Start of Records to process

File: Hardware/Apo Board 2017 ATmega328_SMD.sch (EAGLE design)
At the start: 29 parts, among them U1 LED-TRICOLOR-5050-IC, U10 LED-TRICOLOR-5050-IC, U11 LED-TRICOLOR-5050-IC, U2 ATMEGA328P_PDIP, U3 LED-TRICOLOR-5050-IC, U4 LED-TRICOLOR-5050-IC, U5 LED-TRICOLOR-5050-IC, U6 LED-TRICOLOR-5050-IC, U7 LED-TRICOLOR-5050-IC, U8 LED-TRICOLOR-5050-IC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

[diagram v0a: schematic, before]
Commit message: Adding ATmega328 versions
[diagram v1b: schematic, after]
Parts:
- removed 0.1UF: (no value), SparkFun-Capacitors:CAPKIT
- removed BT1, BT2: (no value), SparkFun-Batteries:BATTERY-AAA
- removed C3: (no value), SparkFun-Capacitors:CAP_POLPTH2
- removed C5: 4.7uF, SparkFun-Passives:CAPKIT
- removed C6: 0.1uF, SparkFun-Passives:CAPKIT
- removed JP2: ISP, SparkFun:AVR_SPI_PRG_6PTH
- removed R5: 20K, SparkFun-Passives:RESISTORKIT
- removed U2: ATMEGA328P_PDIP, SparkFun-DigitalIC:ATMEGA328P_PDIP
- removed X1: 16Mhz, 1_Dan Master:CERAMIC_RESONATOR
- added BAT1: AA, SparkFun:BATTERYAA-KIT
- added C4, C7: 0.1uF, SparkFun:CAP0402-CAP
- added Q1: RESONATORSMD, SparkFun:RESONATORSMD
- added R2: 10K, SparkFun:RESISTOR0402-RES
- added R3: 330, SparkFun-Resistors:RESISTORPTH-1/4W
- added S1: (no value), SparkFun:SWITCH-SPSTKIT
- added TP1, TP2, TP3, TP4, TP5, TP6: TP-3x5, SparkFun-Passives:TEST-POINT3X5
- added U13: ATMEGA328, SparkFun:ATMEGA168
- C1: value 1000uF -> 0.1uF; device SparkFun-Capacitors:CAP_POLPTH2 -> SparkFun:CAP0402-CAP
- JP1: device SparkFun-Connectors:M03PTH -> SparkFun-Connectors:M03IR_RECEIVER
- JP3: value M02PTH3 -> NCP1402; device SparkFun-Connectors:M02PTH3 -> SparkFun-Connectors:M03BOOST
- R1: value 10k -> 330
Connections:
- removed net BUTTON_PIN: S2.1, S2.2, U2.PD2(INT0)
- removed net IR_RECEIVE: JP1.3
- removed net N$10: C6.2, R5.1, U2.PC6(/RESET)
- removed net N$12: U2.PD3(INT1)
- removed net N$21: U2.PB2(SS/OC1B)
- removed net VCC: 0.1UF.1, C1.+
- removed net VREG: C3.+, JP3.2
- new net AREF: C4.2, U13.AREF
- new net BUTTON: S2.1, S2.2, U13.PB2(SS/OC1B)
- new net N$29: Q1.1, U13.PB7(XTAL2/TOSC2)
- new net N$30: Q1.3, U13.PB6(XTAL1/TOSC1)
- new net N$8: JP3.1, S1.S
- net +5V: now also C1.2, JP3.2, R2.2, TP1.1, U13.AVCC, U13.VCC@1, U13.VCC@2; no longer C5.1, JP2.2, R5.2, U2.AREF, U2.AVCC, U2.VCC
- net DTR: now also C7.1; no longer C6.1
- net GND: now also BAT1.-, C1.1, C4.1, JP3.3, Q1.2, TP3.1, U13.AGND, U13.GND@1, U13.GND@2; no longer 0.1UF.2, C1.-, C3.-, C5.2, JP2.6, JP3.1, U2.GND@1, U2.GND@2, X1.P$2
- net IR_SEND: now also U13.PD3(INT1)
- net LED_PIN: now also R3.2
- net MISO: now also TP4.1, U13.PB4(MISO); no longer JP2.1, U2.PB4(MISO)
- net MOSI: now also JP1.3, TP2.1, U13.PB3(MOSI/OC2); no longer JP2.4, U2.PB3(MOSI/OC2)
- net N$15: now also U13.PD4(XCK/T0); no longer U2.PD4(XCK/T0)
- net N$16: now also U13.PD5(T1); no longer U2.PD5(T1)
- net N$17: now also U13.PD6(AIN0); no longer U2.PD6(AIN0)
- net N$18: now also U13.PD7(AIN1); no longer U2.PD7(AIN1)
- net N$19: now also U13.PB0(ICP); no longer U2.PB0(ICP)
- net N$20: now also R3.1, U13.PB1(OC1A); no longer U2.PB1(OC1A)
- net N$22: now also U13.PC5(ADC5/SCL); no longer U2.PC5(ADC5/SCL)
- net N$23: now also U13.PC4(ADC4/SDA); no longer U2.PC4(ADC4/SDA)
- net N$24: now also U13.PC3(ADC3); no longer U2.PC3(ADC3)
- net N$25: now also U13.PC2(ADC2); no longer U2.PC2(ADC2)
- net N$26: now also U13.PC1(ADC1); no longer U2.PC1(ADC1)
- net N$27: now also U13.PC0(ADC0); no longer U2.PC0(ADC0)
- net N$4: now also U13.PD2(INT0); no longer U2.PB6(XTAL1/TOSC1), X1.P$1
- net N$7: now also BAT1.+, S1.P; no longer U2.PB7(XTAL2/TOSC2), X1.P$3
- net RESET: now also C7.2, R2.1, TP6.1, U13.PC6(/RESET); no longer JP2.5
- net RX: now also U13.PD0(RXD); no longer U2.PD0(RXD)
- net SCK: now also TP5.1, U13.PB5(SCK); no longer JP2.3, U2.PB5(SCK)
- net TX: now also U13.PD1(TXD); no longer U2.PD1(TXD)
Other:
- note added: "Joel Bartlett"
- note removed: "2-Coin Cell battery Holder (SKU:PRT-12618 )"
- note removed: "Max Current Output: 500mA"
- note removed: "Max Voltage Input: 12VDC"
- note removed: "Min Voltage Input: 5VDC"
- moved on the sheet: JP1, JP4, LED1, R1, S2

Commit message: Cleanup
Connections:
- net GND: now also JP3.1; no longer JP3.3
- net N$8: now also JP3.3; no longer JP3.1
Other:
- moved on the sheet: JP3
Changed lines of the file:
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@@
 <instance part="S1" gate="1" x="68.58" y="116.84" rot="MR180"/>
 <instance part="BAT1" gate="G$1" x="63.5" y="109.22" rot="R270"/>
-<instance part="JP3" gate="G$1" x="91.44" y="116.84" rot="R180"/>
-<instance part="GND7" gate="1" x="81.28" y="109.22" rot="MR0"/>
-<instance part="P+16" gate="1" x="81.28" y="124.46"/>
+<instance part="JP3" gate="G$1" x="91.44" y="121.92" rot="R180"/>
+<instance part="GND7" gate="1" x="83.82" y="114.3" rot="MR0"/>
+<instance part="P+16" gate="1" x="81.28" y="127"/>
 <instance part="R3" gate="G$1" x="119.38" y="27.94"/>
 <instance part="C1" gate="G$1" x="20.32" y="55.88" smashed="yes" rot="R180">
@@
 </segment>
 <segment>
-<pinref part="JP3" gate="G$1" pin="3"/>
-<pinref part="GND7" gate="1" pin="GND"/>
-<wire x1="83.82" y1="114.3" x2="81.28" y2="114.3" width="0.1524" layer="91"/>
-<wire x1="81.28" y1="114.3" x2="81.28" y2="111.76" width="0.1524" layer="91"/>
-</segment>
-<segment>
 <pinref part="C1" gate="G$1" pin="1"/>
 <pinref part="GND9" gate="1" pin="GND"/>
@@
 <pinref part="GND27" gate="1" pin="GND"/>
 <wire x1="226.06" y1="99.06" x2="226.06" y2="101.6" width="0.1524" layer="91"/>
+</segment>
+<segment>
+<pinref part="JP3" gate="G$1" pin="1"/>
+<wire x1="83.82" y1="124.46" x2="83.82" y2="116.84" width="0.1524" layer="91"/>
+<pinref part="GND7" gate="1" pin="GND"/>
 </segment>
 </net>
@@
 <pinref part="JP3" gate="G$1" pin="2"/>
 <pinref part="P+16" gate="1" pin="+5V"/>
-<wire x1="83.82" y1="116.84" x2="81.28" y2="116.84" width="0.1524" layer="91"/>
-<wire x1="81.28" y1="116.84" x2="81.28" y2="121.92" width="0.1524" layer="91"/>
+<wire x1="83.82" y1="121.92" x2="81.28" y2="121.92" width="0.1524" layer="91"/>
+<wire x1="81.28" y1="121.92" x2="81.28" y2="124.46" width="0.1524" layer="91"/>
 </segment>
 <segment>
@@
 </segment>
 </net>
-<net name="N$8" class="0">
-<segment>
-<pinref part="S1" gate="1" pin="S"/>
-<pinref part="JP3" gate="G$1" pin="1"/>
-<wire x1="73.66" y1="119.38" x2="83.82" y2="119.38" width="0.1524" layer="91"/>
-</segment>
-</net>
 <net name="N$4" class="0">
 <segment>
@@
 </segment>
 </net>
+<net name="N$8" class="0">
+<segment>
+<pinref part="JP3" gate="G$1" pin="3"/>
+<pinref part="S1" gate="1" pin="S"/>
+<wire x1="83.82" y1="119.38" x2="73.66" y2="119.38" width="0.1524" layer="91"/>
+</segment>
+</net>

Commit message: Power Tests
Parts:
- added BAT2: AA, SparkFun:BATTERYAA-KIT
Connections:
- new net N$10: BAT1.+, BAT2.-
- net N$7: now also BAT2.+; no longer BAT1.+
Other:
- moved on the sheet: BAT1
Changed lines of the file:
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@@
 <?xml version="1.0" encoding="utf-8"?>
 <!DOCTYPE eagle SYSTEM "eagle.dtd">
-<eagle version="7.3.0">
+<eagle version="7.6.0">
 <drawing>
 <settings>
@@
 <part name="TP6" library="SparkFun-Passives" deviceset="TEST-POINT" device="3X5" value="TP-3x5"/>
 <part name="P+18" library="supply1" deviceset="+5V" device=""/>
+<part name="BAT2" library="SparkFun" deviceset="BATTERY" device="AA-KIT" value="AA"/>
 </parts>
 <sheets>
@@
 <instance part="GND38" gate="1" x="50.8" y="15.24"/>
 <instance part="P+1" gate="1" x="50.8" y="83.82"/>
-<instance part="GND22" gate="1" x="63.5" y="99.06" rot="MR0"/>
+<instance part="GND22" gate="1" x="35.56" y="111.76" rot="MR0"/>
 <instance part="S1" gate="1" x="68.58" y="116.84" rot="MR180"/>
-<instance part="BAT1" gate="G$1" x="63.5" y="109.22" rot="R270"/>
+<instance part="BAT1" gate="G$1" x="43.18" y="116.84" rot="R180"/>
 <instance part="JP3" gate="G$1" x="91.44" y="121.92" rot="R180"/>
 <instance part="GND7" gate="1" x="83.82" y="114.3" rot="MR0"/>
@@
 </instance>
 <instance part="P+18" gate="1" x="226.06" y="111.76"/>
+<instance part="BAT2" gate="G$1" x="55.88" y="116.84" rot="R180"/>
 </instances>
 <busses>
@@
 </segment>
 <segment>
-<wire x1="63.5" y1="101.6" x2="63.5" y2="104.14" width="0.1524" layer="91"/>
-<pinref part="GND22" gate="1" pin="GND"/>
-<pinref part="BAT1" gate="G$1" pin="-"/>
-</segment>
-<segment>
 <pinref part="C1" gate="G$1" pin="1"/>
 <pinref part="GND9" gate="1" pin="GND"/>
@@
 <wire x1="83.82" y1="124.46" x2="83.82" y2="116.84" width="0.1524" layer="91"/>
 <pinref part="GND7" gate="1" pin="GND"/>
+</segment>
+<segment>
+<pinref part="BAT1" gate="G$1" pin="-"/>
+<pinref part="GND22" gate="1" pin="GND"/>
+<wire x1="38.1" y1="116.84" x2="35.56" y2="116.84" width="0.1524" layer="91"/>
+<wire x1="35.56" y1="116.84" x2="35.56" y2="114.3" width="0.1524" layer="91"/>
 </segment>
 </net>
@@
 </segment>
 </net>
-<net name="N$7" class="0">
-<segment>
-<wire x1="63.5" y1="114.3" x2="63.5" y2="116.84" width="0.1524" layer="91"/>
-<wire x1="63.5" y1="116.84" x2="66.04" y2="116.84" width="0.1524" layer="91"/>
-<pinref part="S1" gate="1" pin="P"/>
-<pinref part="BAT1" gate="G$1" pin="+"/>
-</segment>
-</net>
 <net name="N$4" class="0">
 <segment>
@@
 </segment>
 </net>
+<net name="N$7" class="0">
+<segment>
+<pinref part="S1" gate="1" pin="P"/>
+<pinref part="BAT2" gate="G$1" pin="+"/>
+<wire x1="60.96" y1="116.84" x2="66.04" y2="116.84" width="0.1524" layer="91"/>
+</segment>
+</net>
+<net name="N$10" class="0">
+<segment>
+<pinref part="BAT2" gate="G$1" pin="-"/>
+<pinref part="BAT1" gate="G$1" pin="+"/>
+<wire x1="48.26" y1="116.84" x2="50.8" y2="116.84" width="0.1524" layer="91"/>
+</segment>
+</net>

End of Records to process

◆ **Task objective**: Your answer should consist of the lines of the listing that contain "Input", copied as they stand.

◆ **Answer to this exercise**:
- note removed: "Max Voltage Input: 12VDC"
- note removed: "Min Voltage Input: 5VDC"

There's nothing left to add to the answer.